The eTextReader Project | ||||||
|
The eTextReader project is made up of several components:
Each of these components are described in this document.
Almost all of the eTextReader software is written in Java, with the primary exception being the code that allows users to create/edit ink annotations, which is a C# .NET application. The software is broken down into several packages, which are unfortunately not as well defined as they could be:
Overviews of the individual packages should be contained in the package overview file in the API documentation.
As previously mentioned, an original design goal was to allow any sort of backing store to be used to hold the annotation database. Over time, this design has not been carefully followed, and much of the interface specification has taken place inside of the DBClient class. In particular, calls to obtain a reference to the annotation database hard code the creation of a DBClient instance, rather than using a factory implementation to obtain access to the data store. All further discussion of the implementation will therefore be focused on this particular implementation of the data store.
The data store is implemented using a Microsoft SQL Server database. In order to facilitate use of the application in both on- and off-line environments, a version of the database server is installed locally when the application is installed, and this local version is periodically synchronized with the central database. Previously, the "normal" method of operation was assumed to be on-line, with off-line status considered to be exceptional. For performance reasons, this assumption is likely to be reversed, so that the local data store is always the current source of annotation information, with periodic updates still made to the central data store.

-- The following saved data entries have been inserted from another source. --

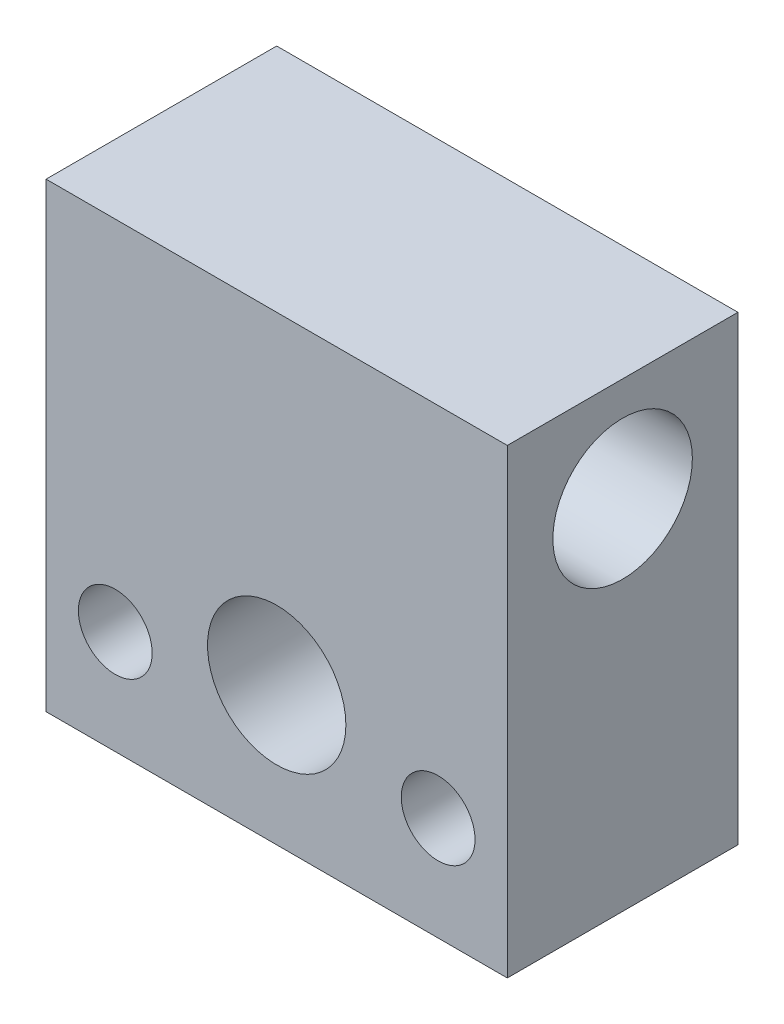
ISO-10303-21;
HEADER;
FILE_DESCRIPTION(('STEP AP214'),'2;1');
FILE_NAME('part.step','',(''),(''),'','','');
FILE_SCHEMA(('AUTOMOTIVE_DESIGN { 1 0 10303 214 1 1 1 1 }'));
ENDSEC;
DATA;
#1=APPLICATION_CONTEXT('core data for automotive mechanical design processes');
#2=APPLICATION_PROTOCOL_DEFINITION('international standard','automotive_design',2000,#1);
#3=PRODUCT_CONTEXT('',#1,'mechanical');
#4=PRODUCT('Part','Part','',(#3));
#5=PRODUCT_RELATED_PRODUCT_CATEGORY('part','',(#4));
#6=PRODUCT_DEFINITION_FORMATION('','',#4);
#7=PRODUCT_DEFINITION_CONTEXT('part definition',#1,'design');
#8=PRODUCT_DEFINITION('design','',#6,#7);
#9=PRODUCT_DEFINITION_SHAPE('','',#8);
#10=(LENGTH_UNIT() NAMED_UNIT(*) SI_UNIT(.MILLI.,.METRE.));
#11=(NAMED_UNIT(*) PLANE_ANGLE_UNIT() SI_UNIT($,.RADIAN.));
#12=(NAMED_UNIT(*) SI_UNIT($,.STERADIAN.) SOLID_ANGLE_UNIT());
#13=UNCERTAINTY_MEASURE_WITH_UNIT(LENGTH_MEASURE(1.E-05),#10,'distance_accuracy_value','');
#14=(GEOMETRIC_REPRESENTATION_CONTEXT(3) GLOBAL_UNCERTAINTY_ASSIGNED_CONTEXT((#13)) GLOBAL_UNIT_ASSIGNED_CONTEXT((#10,
#11,#12)) REPRESENTATION_CONTEXT('',''));
#15=CARTESIAN_POINT('',(0.,0.,0.));
#16=DIRECTION('',(0.,0.,1.));
#17=DIRECTION('',(1.,0.,0.));
#18=AXIS2_PLACEMENT_3D('',#15,#16,#17);
#19=CARTESIAN_POINT('',(-5.,0.,10.));
#20=DIRECTION('',(-1.,0.,0.));
#21=DIRECTION('',(0.,0.,1.));
#22=AXIS2_PLACEMENT_3D('',#19,#20,#21);
#23=PLANE('',#22);
#24=CARTESIAN_POINT('',(-5.,-1.5,2.));
#25=DIRECTION('',(-1.,0.,0.));
#26=DIRECTION('',(0.,0.,1.));
#27=AXIS2_PLACEMENT_3D('',#24,#25,#26);
#28=CIRCLE('',#27,1.);
#29=CARTESIAN_POINT('',(-5.,-1.5,3.));
#30=VERTEX_POINT('',#29);
#31=EDGE_CURVE('E20',#30,#30,#28,.T.);
#32=ORIENTED_EDGE('',*,*,#31,.T.);
#33=EDGE_LOOP('',(#32));
#34=FACE_BOUND('',#33,.T.);
#35=ADVANCED_FACE('F17',(#34),#23,.T.);
#36=CARTESIAN_POINT('',(-6.,0.,0.));
#37=DIRECTION('',(-1.,0.,0.));
#38=DIRECTION('',(0.,0.,1.));
#39=AXIS2_PLACEMENT_3D('',#36,#37,#38);
#40=PLANE('',#39);
#41=CARTESIAN_POINT('',(-6.,-1.5,5.5));
#42=DIRECTION('',(-1.,0.,0.));
#43=DIRECTION('',(0.,0.,1.));
#44=AXIS2_PLACEMENT_3D('',#41,#42,#43);
#45=CIRCLE('',#44,1.5);
#46=CARTESIAN_POINT('',(-6.,-1.5,7.));
#47=VERTEX_POINT('',#46);
#48=EDGE_CURVE('E130',#47,#47,#45,.T.);
#49=ORIENTED_EDGE('',*,*,#48,.T.);
#50=EDGE_LOOP('',(#49));
#51=FACE_BOUND('',#50,.T.);
#52=ADVANCED_FACE('F159',(#51),#40,.T.);
#53=CARTESIAN_POINT('',(0.,5.5,0.));
#54=DIRECTION('',(0.,0.,-1.));
#55=DIRECTION('',(-1.,0.,0.));
#56=AXIS2_PLACEMENT_3D('',#53,#54,#55);
#57=CYLINDRICAL_SURFACE('',#56,1.5);
#58=CARTESIAN_POINT('',(1.5,5.5,1.975));
#59=CARTESIAN_POINT('',(1.49999594047018,5.57900144630801,1.97500356043906));
#60=CARTESIAN_POINT('',(1.49372693576098,5.65804837745387,1.97812566666901));
#61=CARTESIAN_POINT('',(1.46893959830404,5.81376412220572,1.99029966306556));
#62=CARTESIAN_POINT('',(1.45040864995801,5.89043040135985,1.99935766023134));
#63=CARTESIAN_POINT('',(1.40199846961452,6.03896385695773,2.02245479182461));
#64=CARTESIAN_POINT('',(1.37215905632387,6.11084684381869,2.03647643725468));
#65=CARTESIAN_POINT('',(1.30219691790721,6.24849863267949,2.06821357281648));
#66=CARTESIAN_POINT('',(1.26207301806937,6.31426673505646,2.08592948487061));
#67=CARTESIAN_POINT('',(1.16995731065494,6.44222108280155,2.12466073278959));
#68=CARTESIAN_POINT('',(1.11739997976672,6.50395906458766,2.14580990556196));
#69=CARTESIAN_POINT('',(1.0031271487249,6.61815419955558,2.18858021506086));
#70=CARTESIAN_POINT('',(0.941405217206993,6.67060477806009,2.21020167405788));
#71=CARTESIAN_POINT('',(0.804926658722086,6.76873167990099,2.25335964948605));
#72=CARTESIAN_POINT('',(0.729536017881986,6.81359067773629,2.27476493273293));
#73=CARTESIAN_POINT('',(0.571103482437755,6.88980291346821,2.31282681627039));
#74=CARTESIAN_POINT('',(0.4880670033303,6.92116562271595,2.32948674394543));
#75=CARTESIAN_POINT('',(0.321740750954993,6.96747419696827,2.35466323851127));
#76=CARTESIAN_POINT('',(0.238759352163179,6.98328499768358,2.36360494965244));
#77=CARTESIAN_POINT('',(0.0708794694097341,7.00069285570871,2.37347037411611));
#78=CARTESIAN_POINT('',(-0.0140171024281057,7.00230351116717,2.3744017581574));
#79=CARTESIAN_POINT('',(-0.172629443740668,6.99190046308059,2.36848430022382));
#80=CARTESIAN_POINT('',(-0.246490058966555,6.98146052673182,2.36253400278224));
#81=CARTESIAN_POINT('',(-0.391230964006536,6.94997459930692,2.34509525123016));
#82=CARTESIAN_POINT('',(-0.46211032721989,6.92892533676304,2.33360508890698));
#83=CARTESIAN_POINT('',(-0.600898386504531,6.87642947527521,2.30612583887848));
#84=CARTESIAN_POINT('',(-0.668699211124015,6.84475178294496,2.29003805345798));
#85=CARTESIAN_POINT('',(-0.798344551502015,6.77207503652154,2.25517346346266));
#86=CARTESIAN_POINT('',(-0.860186510561525,6.73107200644798,2.23639551316821));
#87=CARTESIAN_POINT('',(-0.984256578247225,6.63496133604325,2.19544298686002));
#88=CARTESIAN_POINT('',(-1.04557656112961,6.57873384380673,2.17313639274875));
#89=CARTESIAN_POINT('',(-1.15830345819555,6.45668082223522,2.12953202590372));
#90=CARTESIAN_POINT('',(-1.20970387570264,6.3908490519359,2.10823492116113));
#91=CARTESIAN_POINT('',(-1.30330651599731,6.24768473858028,2.067873118354));
#92=CARTESIAN_POINT('',(-1.34498421172647,6.16996535849951,2.04895396414971));
#93=CARTESIAN_POINT('',(-1.41428907876496,6.00749420403244,2.01673148934985));
#94=CARTESIAN_POINT('',(-1.44194305133928,5.92275620668402,2.00341746491714));
#95=CARTESIAN_POINT('',(-1.47450721867071,5.78107868035783,1.98757839526593));
#96=CARTESIAN_POINT('',(-1.48404343221979,5.7254041139936,1.98288549806455));
#97=CARTESIAN_POINT('',(-1.49679098596232,5.61316075670564,1.97659516756892));
#98=CARTESIAN_POINT('',(-1.50000290801143,5.55659204852868,1.97499744950821));
#99=CARTESIAN_POINT('',(-1.49999594047018,5.42099855369198,1.97500356043906));
#100=CARTESIAN_POINT('',(-1.49372693576097,5.34195162254613,1.97812566666901));
#101=CARTESIAN_POINT('',(-1.46893959830404,5.18623587779428,1.99029966306556));
#102=CARTESIAN_POINT('',(-1.45040864995801,5.10956959864015,1.99935766023134));
#103=CARTESIAN_POINT('',(-1.40199846961452,4.96103614304227,2.02245479182461));
#104=CARTESIAN_POINT('',(-1.37215905632387,4.88915315618131,2.03647643725468));
#105=CARTESIAN_POINT('',(-1.30219691790721,4.75150136732051,2.06821357281648));
#106=CARTESIAN_POINT('',(-1.26207301806937,4.68573326494354,2.08592948487061));
#107=CARTESIAN_POINT('',(-1.16995731065493,4.55777891719845,2.12466073278959));
#108=CARTESIAN_POINT('',(-1.11739997976672,4.49604093541234,2.14580990556196));
#109=CARTESIAN_POINT('',(-1.0031271487249,4.38184580044442,2.18858021506086));
#110=CARTESIAN_POINT('',(-0.941405217206992,4.32939522193991,2.21020167405788));
#111=CARTESIAN_POINT('',(-0.804926658722085,4.23126832009901,2.25335964948605));
#112=CARTESIAN_POINT('',(-0.729536017881984,4.18640932226371,2.27476493273293));
#113=CARTESIAN_POINT('',(-0.571103482437753,4.11019708653179,2.31282681627039));
#114=CARTESIAN_POINT('',(-0.488067003330298,4.07883437728405,2.32948674394543));
#115=CARTESIAN_POINT('',(-0.321740750954991,4.03252580303173,2.35466323851127));
#116=CARTESIAN_POINT('',(-0.238759352163177,4.01671500231642,2.36360494965244));
#117=CARTESIAN_POINT('',(-0.070879469409732,3.99930714429129,2.37347037411611));
#118=CARTESIAN_POINT('',(0.0140171024281078,3.99769648883283,2.3744017581574));
#119=CARTESIAN_POINT('',(0.17262944374067,4.00809953691941,2.36848430022382));
#120=CARTESIAN_POINT('',(0.246490058966557,4.01853947326818,2.36253400278224));
#121=CARTESIAN_POINT('',(0.391230964006538,4.05002540069308,2.34509525123016));
#122=CARTESIAN_POINT('',(0.462110327219892,4.07107466323696,2.33360508890698));
#123=CARTESIAN_POINT('',(0.600898386504532,4.12357052472479,2.30612583887848));
#124=CARTESIAN_POINT('',(0.668699211124016,4.15524821705504,2.29003805345798));
#125=CARTESIAN_POINT('',(0.798344551502016,4.22792496347846,2.25517346346266));
#126=CARTESIAN_POINT('',(0.860186510561526,4.26892799355202,2.23639551316821));
#127=CARTESIAN_POINT('',(0.984256578247227,4.36503866395675,2.19544298686002));
#128=CARTESIAN_POINT('',(1.04557656112961,4.42126615619327,2.17313639274875));
#129=CARTESIAN_POINT('',(1.15830345819555,4.54331917776478,2.12953202590372));
#130=CARTESIAN_POINT('',(1.20970387570264,4.6091509480641,2.10823492116113));
#131=CARTESIAN_POINT('',(1.30330651599732,4.75231526141973,2.067873118354));
#132=CARTESIAN_POINT('',(1.34498421172647,4.83003464150049,2.04895396414971));
#133=CARTESIAN_POINT('',(1.41428907876496,4.99250579596756,2.01673148934985));
#134=CARTESIAN_POINT('',(1.44194305133928,5.07724379331598,2.00341746491714));
#135=CARTESIAN_POINT('',(1.47450721867071,5.21892131964217,1.98757839526593));
#136=CARTESIAN_POINT('',(1.48404343221979,5.2745958860064,1.98288549806455));
#137=CARTESIAN_POINT('',(1.49679098596232,5.38683924329436,1.97659516756892));
#138=CARTESIAN_POINT('',(1.50000290801143,5.44340795147132,1.97499744950821));
#139=CARTESIAN_POINT('',(1.5,5.5,1.975));
#140=B_SPLINE_CURVE_WITH_KNOTS('',3,(#58,#59,#60,#61,#62,#63,#64,#65,#66,#67,#68,#69,#70,#71,
#72,#73,#74,#75,#76,#77,#78,#79,#80,#81,#82,#83,#84,#85,#86,#87,#88,#89,#90,#91,#92,#93,#94,#95,
#96,#97,#98,#99,#100,#101,#102,#103,#104,#105,#106,#107,#108,#109,#110,#111,#112,#113,#114,#115,
#116,#117,#118,#119,#120,#121,#122,#123,#124,#125,#126,#127,#128,#129,#130,#131,#132,#133,#134,
#135,#136,#137,#138,#139),.UNSPECIFIED.,.T.,.F.,(4,2,2,2,2,2,2,2,2,2,2,2,2,2,2,2,2,2,2,2,2,2,2,
2,2,2,2,2,2,2,2,2,2,2,2,2,2,2,2,2,4),(0.,0.236782321681719,0.473808634445435,0.710007983763761,
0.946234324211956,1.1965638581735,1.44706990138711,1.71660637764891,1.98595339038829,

The most important table in the database is the notations table. The current schema of this table is as follows:
Column Name | Data type | Description |
---|---|---|
id | int | A unique identifier for the annotation. See note on generation of these ids below |
url | varchar(256) | The URL of the content this annotation refers to |
addressStart | varchar(256) | The starting address annotation's text anchor. See note on addresses below |
addressEnd | varchar(256) | The ending address of the annotation's text anchor. |
type | varchar(32) | The type of the annotation, such as text note, bookmark, etc. |
author | varchar(64) | Who created the annotation? This should really contain the user id rather than name |
target | varchar(32) | A singleton field describing the target of the annotation, whose purpose has been subsumed by the NotationModes table |
viewableBy | varchar(64) | A singleton field describing who can view the annotation, whose purpose has been subsumed by the NotationModes table |
subject | varchar(64) | A user-generated subject for the annotation, generally used as a human-readable identifier. Some exceptions to this exist. |
discussionID | int | If this annotation is part of a discussion, a reference to the discussion ID which correlates postings to a discussion together. If the annotation is not part of a discussion, this field is null. |
regarding | int | Another annotation in this table that this annotation refers to. Used only by the discussion mechanism currently. |
created | datetime | The date and time on which this annotation was created. Generally system supplied. |
modified | datetime | The date and time on which this annotation was last modified. Generally system supplied. |
body | text | The content of the annotation; usually user entered text, although exceptions exist |
rowguid | uniqueidentifier | A unique system generated identifier used for synchronization purposes |
Diagram | image | If the annotation is a diagram (or an ink annotation), this field contains the data associated with the diagram. |
viewmode | varchar(32) | Specifies how the annotation should be displayed. |
isReference | varchar(8) | If set to true, then the body of the annotation actually contains a URL; the content stored at this URL is then the content of the annotation. |
More details on the tables in the database are available here.
A scheme must be created to facilitate identifying portions of text referenced by annotations. The current scheme employed by the eTextReader system is similar to that used by the XPath systems. Document content is modeled as a tree of nodes, and selection of a portion of the content is done by outlining the path through this tree needed to reach the content in question.
Since the content being displayed by the eTextReader is often outside of the user's control, it is possible for an address to be correct at the time of annotation creation, but to have subsequent changes to the content break this address. The eTextReader attempts to minimize this probability by starting all paths at an element containing an XML ID attribute. If this is done, then changes outside the range of content specified by the ID should not break any addresses that start at the given ID value. If an ID attribute cannot be found along the path from the selection to the root node of the tree, a path is generated starting at the top of the tree.
Currently, no effort is made to identify links that may have been broken. One possible way of doing this is to store a checksum of the selected content, and verifiying that this checksum is correct when the annotation is loaded. Note that this only allows us to know when a link has been broken; it will likely not be all that useful when attempting to locate the correct location of the link.